→ ASSIGNED TASK:
Your response must be made up of each line in the data below that contains the string "settings".

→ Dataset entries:
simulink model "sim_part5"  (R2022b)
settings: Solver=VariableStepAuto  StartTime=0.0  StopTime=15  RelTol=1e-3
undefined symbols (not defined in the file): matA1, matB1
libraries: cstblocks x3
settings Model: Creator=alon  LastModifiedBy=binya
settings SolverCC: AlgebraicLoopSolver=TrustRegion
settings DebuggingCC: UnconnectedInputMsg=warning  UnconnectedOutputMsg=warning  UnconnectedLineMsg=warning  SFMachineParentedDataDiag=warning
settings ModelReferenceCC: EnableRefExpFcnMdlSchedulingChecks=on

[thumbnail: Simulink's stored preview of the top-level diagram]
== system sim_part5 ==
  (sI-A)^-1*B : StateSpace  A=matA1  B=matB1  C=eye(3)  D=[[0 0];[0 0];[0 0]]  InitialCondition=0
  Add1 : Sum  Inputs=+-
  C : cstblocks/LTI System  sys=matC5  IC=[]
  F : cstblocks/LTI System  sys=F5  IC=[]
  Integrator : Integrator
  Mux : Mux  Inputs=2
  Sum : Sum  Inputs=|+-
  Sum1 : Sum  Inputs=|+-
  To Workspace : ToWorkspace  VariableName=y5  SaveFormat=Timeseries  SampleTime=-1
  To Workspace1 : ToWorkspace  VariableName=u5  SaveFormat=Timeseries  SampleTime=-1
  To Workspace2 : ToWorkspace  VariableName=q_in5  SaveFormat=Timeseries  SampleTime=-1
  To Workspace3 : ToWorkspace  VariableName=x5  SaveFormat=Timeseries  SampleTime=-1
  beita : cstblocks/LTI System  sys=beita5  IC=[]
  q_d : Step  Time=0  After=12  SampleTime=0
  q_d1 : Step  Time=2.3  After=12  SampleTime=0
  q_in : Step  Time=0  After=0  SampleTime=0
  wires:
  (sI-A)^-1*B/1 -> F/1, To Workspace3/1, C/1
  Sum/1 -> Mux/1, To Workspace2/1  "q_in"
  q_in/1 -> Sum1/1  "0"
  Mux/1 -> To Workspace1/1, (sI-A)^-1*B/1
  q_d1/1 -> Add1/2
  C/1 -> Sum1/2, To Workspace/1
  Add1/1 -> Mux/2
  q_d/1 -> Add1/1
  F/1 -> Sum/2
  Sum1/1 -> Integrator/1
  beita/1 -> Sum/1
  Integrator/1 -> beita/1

→ YOUR RESPONSE:
settings: Solver=VariableStepAuto  StartTime=0.0  StopTime=15  RelTol=1e-3
settings Model: Creator=alon  LastModifiedBy=binya
settings SolverCC: AlgebraicLoopSolver=TrustRegion
settings DebuggingCC: UnconnectedInputMsg=warning  UnconnectedOutputMsg=warning  UnconnectedLineMsg=warning  SFMachineParentedDataDiag=warning
settings ModelReferenceCC: EnableRefExpFcnMdlSchedulingChecks=on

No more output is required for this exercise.